Your task — Only those lines in the data below from the line containing "#214=CARTESIAN_POINT('',(28.194,1.27,-3.556));" through the line containing "#226=CARTESIAN_POINT('',(37.846,1.27,-3.048));", both included, should be restated word for word.

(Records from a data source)
◇ ◇ ◇ ◇
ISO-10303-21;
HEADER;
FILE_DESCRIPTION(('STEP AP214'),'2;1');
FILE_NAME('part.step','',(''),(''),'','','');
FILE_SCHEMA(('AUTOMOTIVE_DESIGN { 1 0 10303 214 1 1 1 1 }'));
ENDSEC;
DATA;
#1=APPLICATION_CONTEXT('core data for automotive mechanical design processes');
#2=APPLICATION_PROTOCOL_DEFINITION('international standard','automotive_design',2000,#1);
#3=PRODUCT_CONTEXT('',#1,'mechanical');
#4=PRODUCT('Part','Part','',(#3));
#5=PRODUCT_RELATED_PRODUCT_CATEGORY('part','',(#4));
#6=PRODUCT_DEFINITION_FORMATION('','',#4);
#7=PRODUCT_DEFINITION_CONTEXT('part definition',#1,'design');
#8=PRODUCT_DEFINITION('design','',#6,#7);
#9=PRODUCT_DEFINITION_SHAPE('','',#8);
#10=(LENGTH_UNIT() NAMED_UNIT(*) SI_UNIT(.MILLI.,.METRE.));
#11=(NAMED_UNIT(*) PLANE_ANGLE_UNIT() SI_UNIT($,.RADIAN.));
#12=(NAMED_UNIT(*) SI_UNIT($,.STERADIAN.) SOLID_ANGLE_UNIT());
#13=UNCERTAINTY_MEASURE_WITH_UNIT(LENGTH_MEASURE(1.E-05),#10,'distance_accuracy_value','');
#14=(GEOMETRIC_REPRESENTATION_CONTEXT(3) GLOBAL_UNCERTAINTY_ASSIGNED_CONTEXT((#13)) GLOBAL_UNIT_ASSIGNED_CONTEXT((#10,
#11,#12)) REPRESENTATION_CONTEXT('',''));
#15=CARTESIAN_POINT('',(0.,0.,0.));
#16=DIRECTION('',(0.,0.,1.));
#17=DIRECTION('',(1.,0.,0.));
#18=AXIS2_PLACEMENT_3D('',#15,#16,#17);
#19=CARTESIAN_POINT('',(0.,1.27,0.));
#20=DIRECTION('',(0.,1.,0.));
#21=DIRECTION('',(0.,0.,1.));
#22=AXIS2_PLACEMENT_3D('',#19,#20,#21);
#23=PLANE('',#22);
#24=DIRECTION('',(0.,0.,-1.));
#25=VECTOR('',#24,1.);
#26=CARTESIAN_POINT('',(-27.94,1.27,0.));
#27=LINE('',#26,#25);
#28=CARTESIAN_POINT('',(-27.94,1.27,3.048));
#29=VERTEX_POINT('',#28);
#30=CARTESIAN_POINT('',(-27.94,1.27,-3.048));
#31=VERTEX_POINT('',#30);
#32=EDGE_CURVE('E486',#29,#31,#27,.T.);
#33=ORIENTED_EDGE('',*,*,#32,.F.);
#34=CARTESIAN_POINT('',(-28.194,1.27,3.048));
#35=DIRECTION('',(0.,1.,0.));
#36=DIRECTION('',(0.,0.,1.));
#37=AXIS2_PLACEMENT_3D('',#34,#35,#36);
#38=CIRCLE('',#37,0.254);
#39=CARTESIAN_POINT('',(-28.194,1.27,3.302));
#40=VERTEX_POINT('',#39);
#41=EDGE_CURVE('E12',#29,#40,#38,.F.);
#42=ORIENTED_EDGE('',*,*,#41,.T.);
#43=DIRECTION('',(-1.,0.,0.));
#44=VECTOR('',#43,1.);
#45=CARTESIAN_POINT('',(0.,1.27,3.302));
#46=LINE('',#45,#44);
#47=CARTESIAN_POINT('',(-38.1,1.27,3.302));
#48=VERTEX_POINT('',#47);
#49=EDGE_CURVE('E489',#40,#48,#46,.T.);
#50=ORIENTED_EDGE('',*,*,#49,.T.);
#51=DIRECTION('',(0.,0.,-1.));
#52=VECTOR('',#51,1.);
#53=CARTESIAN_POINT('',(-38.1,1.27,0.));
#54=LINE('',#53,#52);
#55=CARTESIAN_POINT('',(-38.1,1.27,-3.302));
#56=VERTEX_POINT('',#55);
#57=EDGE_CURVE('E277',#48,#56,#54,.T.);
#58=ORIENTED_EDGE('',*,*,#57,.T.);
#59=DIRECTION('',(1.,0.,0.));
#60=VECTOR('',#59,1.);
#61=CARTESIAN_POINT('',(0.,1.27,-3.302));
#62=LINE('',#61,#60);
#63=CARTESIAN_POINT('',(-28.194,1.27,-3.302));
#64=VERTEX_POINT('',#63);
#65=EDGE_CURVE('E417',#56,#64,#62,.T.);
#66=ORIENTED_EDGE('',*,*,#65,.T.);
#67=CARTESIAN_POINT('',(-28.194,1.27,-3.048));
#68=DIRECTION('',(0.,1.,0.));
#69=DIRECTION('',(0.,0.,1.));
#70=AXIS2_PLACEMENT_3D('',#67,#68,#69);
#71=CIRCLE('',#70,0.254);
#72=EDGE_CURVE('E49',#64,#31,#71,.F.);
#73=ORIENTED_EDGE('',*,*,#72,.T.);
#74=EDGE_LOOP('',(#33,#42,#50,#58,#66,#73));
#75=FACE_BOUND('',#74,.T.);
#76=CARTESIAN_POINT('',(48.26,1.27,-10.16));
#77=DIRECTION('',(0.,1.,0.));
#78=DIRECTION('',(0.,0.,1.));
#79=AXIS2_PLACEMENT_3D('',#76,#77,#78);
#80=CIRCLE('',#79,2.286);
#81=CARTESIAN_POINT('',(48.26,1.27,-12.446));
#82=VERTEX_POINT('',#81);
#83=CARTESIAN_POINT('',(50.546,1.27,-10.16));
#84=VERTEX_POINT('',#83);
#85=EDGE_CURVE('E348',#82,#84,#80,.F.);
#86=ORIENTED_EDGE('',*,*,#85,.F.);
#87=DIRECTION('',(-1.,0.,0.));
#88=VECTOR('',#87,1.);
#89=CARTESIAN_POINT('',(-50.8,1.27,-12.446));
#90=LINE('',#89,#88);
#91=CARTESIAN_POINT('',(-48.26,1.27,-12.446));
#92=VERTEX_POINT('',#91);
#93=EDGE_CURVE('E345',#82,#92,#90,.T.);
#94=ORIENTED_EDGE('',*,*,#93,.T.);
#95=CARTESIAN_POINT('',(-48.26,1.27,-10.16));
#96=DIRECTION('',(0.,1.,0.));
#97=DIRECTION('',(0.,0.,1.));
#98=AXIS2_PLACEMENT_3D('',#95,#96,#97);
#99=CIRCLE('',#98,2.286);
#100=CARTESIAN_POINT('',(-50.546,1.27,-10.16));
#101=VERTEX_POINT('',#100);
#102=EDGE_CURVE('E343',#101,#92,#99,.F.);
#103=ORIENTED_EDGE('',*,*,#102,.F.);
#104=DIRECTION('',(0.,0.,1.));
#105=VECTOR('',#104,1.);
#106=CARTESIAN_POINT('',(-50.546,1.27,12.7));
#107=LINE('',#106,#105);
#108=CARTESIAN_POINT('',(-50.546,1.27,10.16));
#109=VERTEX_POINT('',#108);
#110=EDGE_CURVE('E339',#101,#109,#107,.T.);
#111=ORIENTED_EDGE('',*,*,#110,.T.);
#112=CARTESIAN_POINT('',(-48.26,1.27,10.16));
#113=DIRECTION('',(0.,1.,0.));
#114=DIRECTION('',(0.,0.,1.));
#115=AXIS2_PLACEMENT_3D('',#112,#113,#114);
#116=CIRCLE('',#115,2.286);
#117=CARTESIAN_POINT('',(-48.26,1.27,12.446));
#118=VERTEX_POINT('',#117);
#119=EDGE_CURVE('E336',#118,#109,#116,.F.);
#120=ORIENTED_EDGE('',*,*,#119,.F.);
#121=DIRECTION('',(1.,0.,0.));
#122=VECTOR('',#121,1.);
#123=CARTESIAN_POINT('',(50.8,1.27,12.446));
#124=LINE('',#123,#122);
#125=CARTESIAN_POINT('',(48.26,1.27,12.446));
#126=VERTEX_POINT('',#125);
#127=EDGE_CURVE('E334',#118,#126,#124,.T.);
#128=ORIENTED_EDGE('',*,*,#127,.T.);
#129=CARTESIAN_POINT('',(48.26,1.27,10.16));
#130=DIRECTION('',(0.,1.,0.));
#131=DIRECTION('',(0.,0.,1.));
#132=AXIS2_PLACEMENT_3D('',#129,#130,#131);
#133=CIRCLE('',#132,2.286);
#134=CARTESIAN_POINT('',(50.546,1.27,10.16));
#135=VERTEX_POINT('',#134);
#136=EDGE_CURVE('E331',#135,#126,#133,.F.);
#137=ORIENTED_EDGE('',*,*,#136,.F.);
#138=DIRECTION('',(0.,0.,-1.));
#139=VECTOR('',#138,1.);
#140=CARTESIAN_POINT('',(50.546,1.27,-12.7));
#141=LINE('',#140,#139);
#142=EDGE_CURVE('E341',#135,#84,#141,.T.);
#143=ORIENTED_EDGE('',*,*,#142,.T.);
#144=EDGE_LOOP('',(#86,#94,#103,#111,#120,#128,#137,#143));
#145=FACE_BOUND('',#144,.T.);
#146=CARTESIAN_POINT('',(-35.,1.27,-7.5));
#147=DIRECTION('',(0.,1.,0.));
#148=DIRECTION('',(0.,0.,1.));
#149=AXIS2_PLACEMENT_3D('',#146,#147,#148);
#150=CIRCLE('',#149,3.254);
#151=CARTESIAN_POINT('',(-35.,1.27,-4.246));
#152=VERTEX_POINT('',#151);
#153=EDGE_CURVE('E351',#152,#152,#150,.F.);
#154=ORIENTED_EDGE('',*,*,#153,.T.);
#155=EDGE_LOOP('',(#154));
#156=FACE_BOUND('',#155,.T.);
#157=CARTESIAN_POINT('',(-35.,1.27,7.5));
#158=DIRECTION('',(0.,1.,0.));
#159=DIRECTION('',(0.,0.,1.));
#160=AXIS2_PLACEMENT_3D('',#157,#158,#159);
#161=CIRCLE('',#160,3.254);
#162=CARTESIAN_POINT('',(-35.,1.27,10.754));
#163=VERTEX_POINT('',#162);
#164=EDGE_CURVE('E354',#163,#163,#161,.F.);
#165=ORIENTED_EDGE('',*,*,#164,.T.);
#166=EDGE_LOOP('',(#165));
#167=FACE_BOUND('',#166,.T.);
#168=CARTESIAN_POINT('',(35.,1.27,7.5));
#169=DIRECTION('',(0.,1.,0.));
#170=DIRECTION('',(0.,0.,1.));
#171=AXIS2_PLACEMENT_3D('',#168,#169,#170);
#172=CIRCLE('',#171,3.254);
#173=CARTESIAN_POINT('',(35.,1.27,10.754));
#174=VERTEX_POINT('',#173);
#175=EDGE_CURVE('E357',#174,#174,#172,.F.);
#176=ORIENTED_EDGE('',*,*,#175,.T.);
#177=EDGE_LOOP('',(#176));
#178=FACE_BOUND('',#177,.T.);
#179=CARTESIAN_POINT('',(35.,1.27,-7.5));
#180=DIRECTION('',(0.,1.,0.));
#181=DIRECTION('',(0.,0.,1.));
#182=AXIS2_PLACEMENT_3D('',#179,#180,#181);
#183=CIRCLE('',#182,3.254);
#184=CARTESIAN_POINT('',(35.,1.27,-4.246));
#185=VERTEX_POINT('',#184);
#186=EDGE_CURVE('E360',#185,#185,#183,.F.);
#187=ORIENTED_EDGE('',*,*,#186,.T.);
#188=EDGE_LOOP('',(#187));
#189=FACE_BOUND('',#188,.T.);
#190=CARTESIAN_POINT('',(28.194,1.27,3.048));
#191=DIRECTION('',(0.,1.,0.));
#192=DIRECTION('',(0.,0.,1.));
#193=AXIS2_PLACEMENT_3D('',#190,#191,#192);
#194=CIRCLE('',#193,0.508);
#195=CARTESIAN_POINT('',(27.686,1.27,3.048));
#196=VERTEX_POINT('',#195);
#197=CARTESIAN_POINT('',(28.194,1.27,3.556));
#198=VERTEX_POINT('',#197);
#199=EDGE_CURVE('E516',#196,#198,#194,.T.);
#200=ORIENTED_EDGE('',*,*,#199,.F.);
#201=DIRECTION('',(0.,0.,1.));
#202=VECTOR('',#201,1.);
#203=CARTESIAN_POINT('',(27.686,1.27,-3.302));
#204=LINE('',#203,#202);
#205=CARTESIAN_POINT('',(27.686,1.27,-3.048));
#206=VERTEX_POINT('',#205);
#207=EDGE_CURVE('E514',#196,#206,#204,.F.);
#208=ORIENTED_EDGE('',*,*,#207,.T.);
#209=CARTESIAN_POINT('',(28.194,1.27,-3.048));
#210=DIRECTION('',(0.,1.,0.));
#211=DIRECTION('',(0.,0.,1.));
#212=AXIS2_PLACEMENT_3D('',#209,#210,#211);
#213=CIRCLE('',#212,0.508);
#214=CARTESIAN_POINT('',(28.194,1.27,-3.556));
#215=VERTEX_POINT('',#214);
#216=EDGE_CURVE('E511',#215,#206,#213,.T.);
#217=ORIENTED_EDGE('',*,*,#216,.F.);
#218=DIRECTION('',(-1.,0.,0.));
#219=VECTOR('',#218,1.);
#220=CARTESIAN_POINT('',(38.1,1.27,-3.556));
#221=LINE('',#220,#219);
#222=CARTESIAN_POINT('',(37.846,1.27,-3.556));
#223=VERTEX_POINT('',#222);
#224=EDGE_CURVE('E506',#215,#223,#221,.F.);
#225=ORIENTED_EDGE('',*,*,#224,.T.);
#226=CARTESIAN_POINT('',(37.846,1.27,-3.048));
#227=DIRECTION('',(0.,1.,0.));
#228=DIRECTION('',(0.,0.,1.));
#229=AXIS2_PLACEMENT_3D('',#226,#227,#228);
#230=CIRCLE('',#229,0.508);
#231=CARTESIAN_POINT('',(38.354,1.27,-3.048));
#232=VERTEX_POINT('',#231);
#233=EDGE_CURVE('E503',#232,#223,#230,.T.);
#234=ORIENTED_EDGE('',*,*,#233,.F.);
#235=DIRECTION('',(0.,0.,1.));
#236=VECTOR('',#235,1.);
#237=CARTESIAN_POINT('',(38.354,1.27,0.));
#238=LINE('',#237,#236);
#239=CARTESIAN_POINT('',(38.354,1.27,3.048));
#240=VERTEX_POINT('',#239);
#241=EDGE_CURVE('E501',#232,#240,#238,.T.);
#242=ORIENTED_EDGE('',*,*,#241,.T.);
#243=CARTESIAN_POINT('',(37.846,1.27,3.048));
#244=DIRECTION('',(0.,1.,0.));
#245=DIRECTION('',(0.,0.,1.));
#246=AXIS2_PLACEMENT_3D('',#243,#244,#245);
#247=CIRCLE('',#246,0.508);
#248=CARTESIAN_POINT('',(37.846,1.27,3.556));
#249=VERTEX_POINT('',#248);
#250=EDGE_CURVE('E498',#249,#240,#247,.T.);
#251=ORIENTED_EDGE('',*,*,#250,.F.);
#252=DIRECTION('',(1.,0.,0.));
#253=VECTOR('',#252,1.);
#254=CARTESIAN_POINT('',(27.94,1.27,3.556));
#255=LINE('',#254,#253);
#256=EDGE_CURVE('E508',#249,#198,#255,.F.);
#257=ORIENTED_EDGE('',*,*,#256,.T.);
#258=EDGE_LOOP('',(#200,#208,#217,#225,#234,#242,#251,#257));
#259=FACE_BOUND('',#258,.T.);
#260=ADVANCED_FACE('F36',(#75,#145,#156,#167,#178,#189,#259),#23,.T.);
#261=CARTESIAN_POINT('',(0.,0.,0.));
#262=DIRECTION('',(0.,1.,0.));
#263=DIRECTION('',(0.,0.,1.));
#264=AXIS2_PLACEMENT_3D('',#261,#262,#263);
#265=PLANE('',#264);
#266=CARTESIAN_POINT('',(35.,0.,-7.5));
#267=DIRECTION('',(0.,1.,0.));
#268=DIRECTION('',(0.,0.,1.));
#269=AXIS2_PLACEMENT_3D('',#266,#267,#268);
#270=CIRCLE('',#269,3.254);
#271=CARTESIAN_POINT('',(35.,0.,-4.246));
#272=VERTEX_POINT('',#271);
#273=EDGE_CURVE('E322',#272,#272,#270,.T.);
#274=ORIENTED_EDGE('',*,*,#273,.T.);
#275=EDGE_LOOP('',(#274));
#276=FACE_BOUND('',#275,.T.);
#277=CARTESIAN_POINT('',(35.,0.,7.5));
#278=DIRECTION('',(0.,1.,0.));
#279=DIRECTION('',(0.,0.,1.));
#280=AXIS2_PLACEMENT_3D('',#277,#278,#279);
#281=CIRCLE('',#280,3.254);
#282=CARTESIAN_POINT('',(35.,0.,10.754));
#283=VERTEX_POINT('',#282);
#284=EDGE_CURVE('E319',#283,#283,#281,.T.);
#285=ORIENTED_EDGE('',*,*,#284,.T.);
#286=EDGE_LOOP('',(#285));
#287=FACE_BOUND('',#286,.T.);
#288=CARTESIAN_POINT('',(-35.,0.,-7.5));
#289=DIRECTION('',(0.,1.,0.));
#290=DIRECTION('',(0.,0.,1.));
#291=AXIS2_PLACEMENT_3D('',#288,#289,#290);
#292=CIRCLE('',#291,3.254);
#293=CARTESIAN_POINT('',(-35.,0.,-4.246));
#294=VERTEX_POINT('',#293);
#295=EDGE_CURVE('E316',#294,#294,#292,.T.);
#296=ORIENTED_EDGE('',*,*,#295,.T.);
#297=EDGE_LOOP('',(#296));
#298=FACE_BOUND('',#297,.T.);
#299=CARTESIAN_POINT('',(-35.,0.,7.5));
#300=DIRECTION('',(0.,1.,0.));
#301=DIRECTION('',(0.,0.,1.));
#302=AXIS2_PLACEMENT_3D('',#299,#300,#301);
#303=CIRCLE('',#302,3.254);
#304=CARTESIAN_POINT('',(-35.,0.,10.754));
◇ ◇ ◇ ◇
Task solution —
#214=CARTESIAN_POINT('',(28.194,1.27,-3.556));
#215=VERTEX_POINT('',#214);
#216=EDGE_CURVE('E511',#215,#206,#213,.T.);
#217=ORIENTED_EDGE('',*,*,#216,.F.);
#218=DIRECTION('',(-1.,0.,0.));
#219=VECTOR('',#218,1.);
#220=CARTESIAN_POINT('',(38.1,1.27,-3.556));
#221=LINE('',#220,#219);
#222=CARTESIAN_POINT('',(37.846,1.27,-3.556));
#223=VERTEX_POINT('',#222);
#224=EDGE_CURVE('E506',#215,#223,#221,.F.);
#225=ORIENTED_EDGE('',*,*,#224,.T.);
#226=CARTESIAN_POINT('',(37.846,1.27,-3.048));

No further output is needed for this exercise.